EXERCISE GOAL ▸ Your answer should be only the lines below from the one with "#12=(NAMED_UNIT(*) SI_UNIT($,.STERADIAN.) SOLID_ANGLE_UNIT());" to the one with "#11,#12)) REPRESENTATION_CONTEXT('',''));", repeated exactly, ends included.

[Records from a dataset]
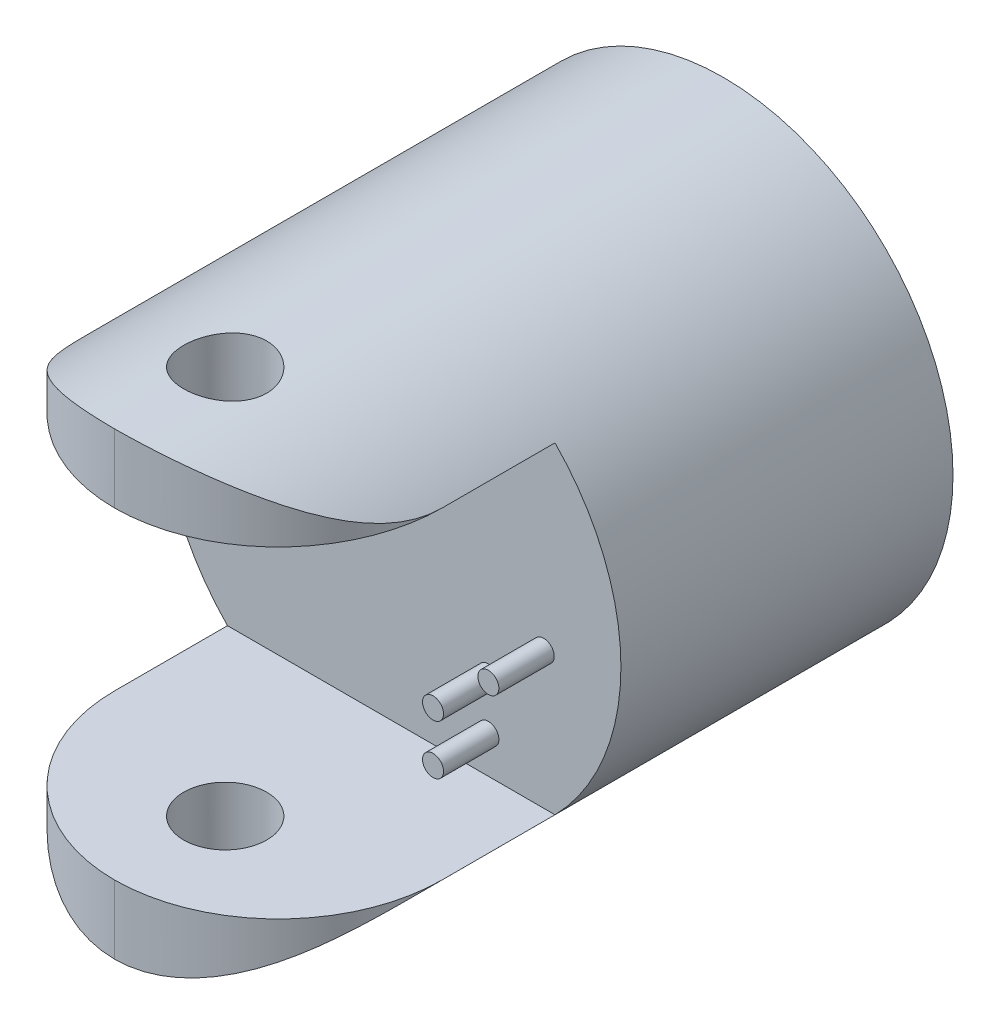
ISO-10303-21;
HEADER;
FILE_DESCRIPTION(('STEP AP214'),'2;1');
FILE_NAME('part.step','',(''),(''),'','','');
FILE_SCHEMA(('AUTOMOTIVE_DESIGN { 1 0 10303 214 1 1 1 1 }'));
ENDSEC;
DATA;
#1=APPLICATION_CONTEXT('core data for automotive mechanical design processes');
#2=APPLICATION_PROTOCOL_DEFINITION('international standard','automotive_design',2000,#1);
#3=PRODUCT_CONTEXT('',#1,'mechanical');
#4=PRODUCT('Part','Part','',(#3));
#5=PRODUCT_RELATED_PRODUCT_CATEGORY('part','',(#4));
#6=PRODUCT_DEFINITION_FORMATION('','',#4);
#7=PRODUCT_DEFINITION_CONTEXT('part definition',#1,'design');
#8=PRODUCT_DEFINITION('design','',#6,#7);
#9=PRODUCT_DEFINITION_SHAPE('','',#8);
#10=(LENGTH_UNIT() NAMED_UNIT(*) SI_UNIT(.MILLI.,.METRE.));
#11=(NAMED_UNIT(*) PLANE_ANGLE_UNIT() SI_UNIT($,.RADIAN.));
#12=(NAMED_UNIT(*) SI_UNIT($,.STERADIAN.) SOLID_ANGLE_UNIT());
#13=UNCERTAINTY_MEASURE_WITH_UNIT(LENGTH_MEASURE(1.E-05),#10,'distance_accuracy_value','');
#14=(GEOMETRIC_REPRESENTATION_CONTEXT(3) GLOBAL_UNCERTAINTY_ASSIGNED_CONTEXT((#13)) GLOBAL_UNIT_ASSIGNED_CONTEXT((#10,
#11,#12)) REPRESENTATION_CONTEXT('',''));
#15=CARTESIAN_POINT('',(0.,0.,0.));
#16=DIRECTION('',(0.,0.,1.));
#17=DIRECTION('',(1.,0.,0.));
#18=AXIS2_PLACEMENT_3D('',#15,#16,#17);
#19=CARTESIAN_POINT('',(0.,0.,11.));
#20=DIRECTION('',(0.,0.,-1.));
#21=DIRECTION('',(-1.,0.,0.));
#22=AXIS2_PLACEMENT_3D('',#19,#20,#21);
#23=CYLINDRICAL_SURFACE('',#22,4.15);
#24=CARTESIAN_POINT('',(0.,-4.15,9.75));
#25=CARTESIAN_POINT('',(0.0417633529160029,-4.14999925457705,9.74999837595521));
#26=CARTESIAN_POINT('',(0.0835481573998624,-4.14936304566028,9.74649985761465));
#27=CARTESIAN_POINT('',(0.16594216285283,-4.14688638329894,9.73260615082788));
#28=CARTESIAN_POINT('',(0.206550309547093,-4.1450448827657,9.72220496562846));
#29=CARTESIAN_POINT('',(0.28538732379447,-4.14036381959375,9.69483327201025));
#30=CARTESIAN_POINT('',(0.323618238312349,-4.13752513001491,9.67786850882844));
#31=CARTESIAN_POINT('',(0.396687083534481,-4.13116039085345,9.6378671193461));
#32=CARTESIAN_POINT('',(0.431525326466942,-4.12763440461269,9.61483105251337));
#33=CARTESIAN_POINT('',(0.497212752770685,-4.12024082002977,9.56306781875255));
#34=CARTESIAN_POINT('',(0.528018581262237,-4.11637015929579,9.53428606624225));
#35=CARTESIAN_POINT('',(0.584391836857417,-4.10874643945675,9.4719659209259));
#36=CARTESIAN_POINT('',(0.609958903650842,-4.10499338845566,9.43842720121465));
#37=CARTESIAN_POINT('',(0.655307004822626,-4.09800010398338,9.36724163364887));
#38=CARTESIAN_POINT('',(0.675044348833567,-4.09476382236178,9.32956653095574));
#39=CARTESIAN_POINT('',(0.707893147721324,-4.08921344318258,9.2513670975097));
#40=CARTESIAN_POINT('',(0.72100513173539,-4.08689927198336,9.210842994588));
#41=CARTESIAN_POINT('',(0.740092715047396,-4.08348585189574,9.12855837822476));
#42=CARTESIAN_POINT('',(0.746143674851663,-4.08237378289001,9.08681588836988));
#43=CARTESIAN_POINT('',(0.751171273723279,-4.08145178788948,9.00289445006508));
#44=CARTESIAN_POINT('',(0.750148501724098,-4.08164175349194,8.96071553824202));
#45=CARTESIAN_POINT('',(0.741118870093994,-4.08329068038666,8.87766181100847));
#46=CARTESIAN_POINT('',(0.733197351083193,-4.08473413483305,8.83677736421685));
#47=CARTESIAN_POINT('',(0.71072932815388,-4.08870307040237,8.75692749059363));
#48=CARTESIAN_POINT('',(0.696182560914899,-4.09122859453191,8.71796214010472));
#49=CARTESIAN_POINT('',(0.66079248216571,-4.0970935000125,8.64280489159885));
#50=CARTESIAN_POINT('',(0.639914382004487,-4.10043735773864,8.60662973859554));
#51=CARTESIAN_POINT('',(0.592478925197906,-4.10755915402166,8.53826398939631));
#52=CARTESIAN_POINT('',(0.565921031850152,-4.11133713358454,8.5060737702041));
#53=CARTESIAN_POINT('',(0.507418107741395,-4.11896925292661,8.44609825953213));
#54=CARTESIAN_POINT('',(0.475400004374248,-4.1228236987261,8.41838423611932));
#55=CARTESIAN_POINT('',(0.407130932089405,-4.1301236018889,8.36871051358903));
#56=CARTESIAN_POINT('',(0.370879926253039,-4.13356905568453,8.34675086466565));
#57=CARTESIAN_POINT('',(0.295102220395709,-4.13966899106462,8.30920011019317));
#58=CARTESIAN_POINT('',(0.255571959647319,-4.14232259807895,8.29361603927841));
#59=CARTESIAN_POINT('',(0.174396233387298,-4.14653301374088,8.26932886328801));
#60=CARTESIAN_POINT('',(0.132750976816927,-4.14808993050584,8.26062507990791));
#61=CARTESIAN_POINT('',(0.0491409343128916,-4.14991679826833,8.25044387087086));
#62=CARTESIAN_POINT('',(0.00718841417311272,-4.15020414959385,8.24886873451339));
#63=CARTESIAN_POINT('',(-0.0763806989520892,-4.14950743742769,8.25272797273135));
#64=CARTESIAN_POINT('',(-0.117997307138798,-4.148523431798,8.25816202830443));
#65=CARTESIAN_POINT('',(-0.199406067096915,-4.14540538188906,8.27580414376078));
#66=CARTESIAN_POINT('',(-0.23920920244161,-4.14327967354819,8.28796312174709));
#67=CARTESIAN_POINT('',(-0.316212040501872,-4.13811557383498,8.3186570869092));
#68=CARTESIAN_POINT('',(-0.353411576237733,-4.13507712399073,8.33719248258114));
#69=CARTESIAN_POINT('',(-0.424570777688059,-4.12838120904228,8.38033192813667));
#70=CARTESIAN_POINT('',(-0.458493397504219,-4.12471772814357,8.40499613335158));
#71=CARTESIAN_POINT('',(-0.521753274626184,-4.11719445670148,8.45961122010429));
#72=CARTESIAN_POINT('',(-0.551090135753188,-4.11333464923495,8.48956255793945));
#73=CARTESIAN_POINT('',(-0.604713963648932,-4.10579651162693,8.55434270755456));
#74=CARTESIAN_POINT('',(-0.628934466189848,-4.10212099339999,8.58922691789111));
#75=CARTESIAN_POINT('',(-0.671171804992389,-4.09542276587398,8.66262624916221));
#76=CARTESIAN_POINT('',(-0.689188861253627,-4.09240003342586,8.70114124127264));
#77=CARTESIAN_POINT('',(-0.718411876153673,-4.0873713664744,8.78053433848268));
#78=CARTESIAN_POINT('',(-0.729649180051608,-4.08536075980998,8.82140059641269));
#79=CARTESIAN_POINT('',(-0.745091088372947,-4.08257295352608,8.90448055933978));
#80=CARTESIAN_POINT('',(-0.749296423840621,-4.08179562569522,8.94669412380566));
#81=CARTESIAN_POINT('',(-0.750531922601924,-4.08156856677854,9.03060539079745));
#82=CARTESIAN_POINT('',(-0.747666844440615,-4.0820994524223,9.07230153476153));
#83=CARTESIAN_POINT('',(-0.7350712415114,-4.08438619149733,9.15460762871231));
#84=CARTESIAN_POINT('',(-0.725340751029883,-4.08614203881104,9.19521758412245));
#85=CARTESIAN_POINT('',(-0.699333389112052,-4.09067296457235,9.27414751692534));
#86=CARTESIAN_POINT('',(-0.683067080642614,-4.09344639780702,9.31247107528446));
#87=CARTESIAN_POINT('',(-0.644461025057432,-4.09970129587837,9.38586203191902));
#88=CARTESIAN_POINT('',(-0.62212089134153,-4.1031828057807,9.42092922273537));
#89=CARTESIAN_POINT('',(-0.571633854840698,-4.11052218527481,9.48733832503289));
#90=CARTESIAN_POINT('',(-0.543410422777707,-4.11438462069311,9.51862156055395));
#91=CARTESIAN_POINT('',(-0.482118220757091,-4.12201574599584,9.57604322892614));
#92=CARTESIAN_POINT('',(-0.449048338245757,-4.12578441412201,9.60218047722454));
#93=CARTESIAN_POINT('',(-0.378674791350169,-4.13283983488285,9.64876898116644));
#94=CARTESIAN_POINT('',(-0.341338352534418,-4.1361223409601,9.66917138820752));
#95=CARTESIAN_POINT('',(-0.263721552548611,-4.14179421595991,9.70338189542399));
#96=CARTESIAN_POINT('',(-0.223444056252405,-4.14418444053325,9.71719631667607));
#97=CARTESIAN_POINT('',(-0.152528961625564,-4.14730345772841,9.73496793477864));
#98=CARTESIAN_POINT('',(-0.122311088327403,-4.14830905480851,9.74059553338378));
#99=CARTESIAN_POINT('',(-0.0613993348129784,-4.14965759253691,9.74811212107088));
#100=CARTESIAN_POINT('',(-0.030705465292773,-4.15000054805366,9.75000119403849));
#101=CARTESIAN_POINT('',(0.,-4.15,9.75));
#102=B_SPLINE_CURVE_WITH_KNOTS('',3,(#24,#25,#26,#27,#28,#29,#30,#31,#32,#33,#34,#35,#36,#37,
#38,#39,#40,#41,#42,#43,#44,#45,#46,#47,#48,#49,#50,#51,#52,#53,#54,#55,#56,#57,#58,#59,#60,#61,
#62,#63,#64,#65,#66,#67,#68,#69,#70,#71,#72,#73,#74,#75,#76,#77,#78,#79,#80,#81,#82,#83,#84,#85,
#86,#87,#88,#89,#90,#91,#92,#93,#94,#95,#96,#97,#98,#99,#100,#101),.UNSPECIFIED.,.T.,.F.,(4,2,2,
2,2,2,2,2,2,2,2,2,2,2,2,2,2,2,2,2,2,2,2,2,2,2,2,2,2,2,2,2,2,2,2,2,2,2,4),(0.,0.125177785668832,
0.250464463262718,0.375641722019261,0.500807449780535,0.627224312854514,0.753649867678679,
0.881000173437713,1.00834030670112,1.13430856795446,1.26026634166968,1.38468774464513,
1.50911409318043,1.63423690854279,1.75937155240086,1.88633537321412,2.01330030146741,
2.14040494388113,2.26749705391138,2.39284175946172,2.51818076052509,2.64261682024136,
2.7670608532623,2.89277822831451,3.01850645850924,3.14577923213746,3.27304749168683,
3.39972274253965,3.52638482339947,3.65118151844347,3.77597759024772,3.90057277697189,
4.02517589606128,4.15151415916005,4.27788147009871,4.40529462024447,4.53258527212581,
4.62462118715898,4.71665503705153),.UNSPECIFIED.);
#103=CARTESIAN_POINT('',(0.,-4.15,9.75));
#104=VERTEX_POINT('',#103);
#105=EDGE_CURVE('E161',#104,#104,#102,.T.);
#106=ORIENTED_EDGE('',*,*,#105,.T.);
#107=EDGE_LOOP('',(#106));
#108=FACE_BOUND('',#107,.T.);
#109=CARTESIAN_POINT('',(0.,4.15,9.75));
#110=CARTESIAN_POINT('',(-0.0417633529160019,4.14999925457705,9.74999837595521));
#111=CARTESIAN_POINT('',(-0.0835481573998615,4.14936304566028,9.74649985761465));
#112=CARTESIAN_POINT('',(-0.16594216285283,4.14688638329894,9.73260615082788));
#113=CARTESIAN_POINT('',(-0.206550309547093,4.1450448827657,9.72220496562846));
#114=CARTESIAN_POINT('',(-0.285387323794469,4.14036381959375,9.69483327201025));
#115=CARTESIAN_POINT('',(-0.323618238312348,4.13752513001491,9.67786850882844));
#116=CARTESIAN_POINT('',(-0.39668708353448,4.13116039085345,9.6378671193461));
#117=CARTESIAN_POINT('',(-0.431525326466941,4.12763440461269,9.61483105251337));
#118=CARTESIAN_POINT('',(-0.497212752770685,4.12024082002977,9.56306781875255));
#119=CARTESIAN_POINT('',(-0.528018581262236,4.11637015929579,9.53428606624225));
#120=CARTESIAN_POINT('',(-0.584391836857417,4.10874643945675,9.4719659209259));
#121=CARTESIAN_POINT('',(-0.609958903650842,4.10499338845566,9.43842720121465));
#122=CARTESIAN_POINT('',(-0.655307004822625,4.09800010398338,9.36724163364887));
#123=CARTESIAN_POINT('',(-0.675044348833566,4.09476382236178,9.32956653095573));
#124=CARTESIAN_POINT('',(-0.707893147721324,4.08921344318258,9.2513670975097));
#125=CARTESIAN_POINT('',(-0.721005131735389,4.08689927198336,9.21084299458799));
#126=CARTESIAN_POINT('',(-0.740092715047394,4.08348585189574,9.12855837822475));
#127=CARTESIAN_POINT('',(-0.746143674851661,4.08237378289001,9.08681588836988));
#128=CARTESIAN_POINT('',(-0.751171273723277,4.08145178788948,9.00289445006507));
#129=CARTESIAN_POINT('',(-0.750148501724096,4.08164175349194,8.96071553824201));
#130=CARTESIAN_POINT('',(-0.741118870093992,4.08329068038666,8.87766181100847));
#131=CARTESIAN_POINT('',(-0.733197351083191,4.08473413483305,8.83677736421685));
#132=CARTESIAN_POINT('',(-0.710729328153876,4.08870307040237,8.75692749059363));
#133=CARTESIAN_POINT('',(-0.696182560914895,4.09122859453191,8.71796214010472));
#134=CARTESIAN_POINT('',(-0.660792482165707,4.09709350001251,8.64280489159885));
#135=CARTESIAN_POINT('',(-0.639914382004484,4.10043735773864,8.60662973859554));
#136=CARTESIAN_POINT('',(-0.592478925197904,4.10755915402166,8.53826398939631));
#137=CARTESIAN_POINT('',(-0.56592103185015,4.11133713358454,8.5060737702041));
#138=CARTESIAN_POINT('',(-0.507418107741392,4.11896925292661,8.44609825953213));
#139=CARTESIAN_POINT('',(-0.475400004374245,4.1228236987261,8.41838423611932));
#140=CARTESIAN_POINT('',(-0.407130932089402,4.1301236018889,8.36871051358903));
#141=CARTESIAN_POINT('',(-0.370879926253035,4.13356905568453,8.34675086466565));
#142=CARTESIAN_POINT('',(-0.295102220395705,4.13966899106462,8.30920011019317));
#143=CARTESIAN_POINT('',(-0.255571959647315,4.14232259807895,8.29361603927841));
#144=CARTESIAN_POINT('',(-0.174396233387294,4.14653301374088,8.26932886328801));
#145=CARTESIAN_POINT('',(-0.132750976816923,4.14808993050584,8.26062507990791));
#146=CARTESIAN_POINT('',(-0.0491409343128873,4.14991679826833,8.25044387087086));
#147=CARTESIAN_POINT('',(-0.00718841417310828,4.15020414959385,8.24886873451339));
#148=CARTESIAN_POINT('',(0.0763806989520937,4.14950743742769,8.25272797273135));
#149=CARTESIAN_POINT('',(0.117997307138802,4.148523431798,8.25816202830443));
#150=CARTESIAN_POINT('',(0.19940606709692,4.14540538188906,8.27580414376078));
#151=CARTESIAN_POINT('',(0.239209202441615,4.14327967354819,8.2879631217471));
#152=CARTESIAN_POINT('',(0.316212040501876,4.13811557383498,8.3186570869092));
#153=CARTESIAN_POINT('',(0.353411576237737,4.13507712399073,8.33719248258114));
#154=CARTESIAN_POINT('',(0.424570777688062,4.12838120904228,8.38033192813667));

FINISHED EXERCISE ▸
#12=(NAMED_UNIT(*) SI_UNIT($,.STERADIAN.) SOLID_ANGLE_UNIT());
#13=UNCERTAINTY_MEASURE_WITH_UNIT(LENGTH_MEASURE(1.E-05),#10,'distance_accuracy_value','');
#14=(GEOMETRIC_REPRESENTATION_CONTEXT(3) GLOBAL_UNCERTAINTY_ASSIGNED_CONTEXT((#13)) GLOBAL_UNIT_ASSIGNED_CONTEXT((#10,
#11,#12)) REPRESENTATION_CONTEXT('',''));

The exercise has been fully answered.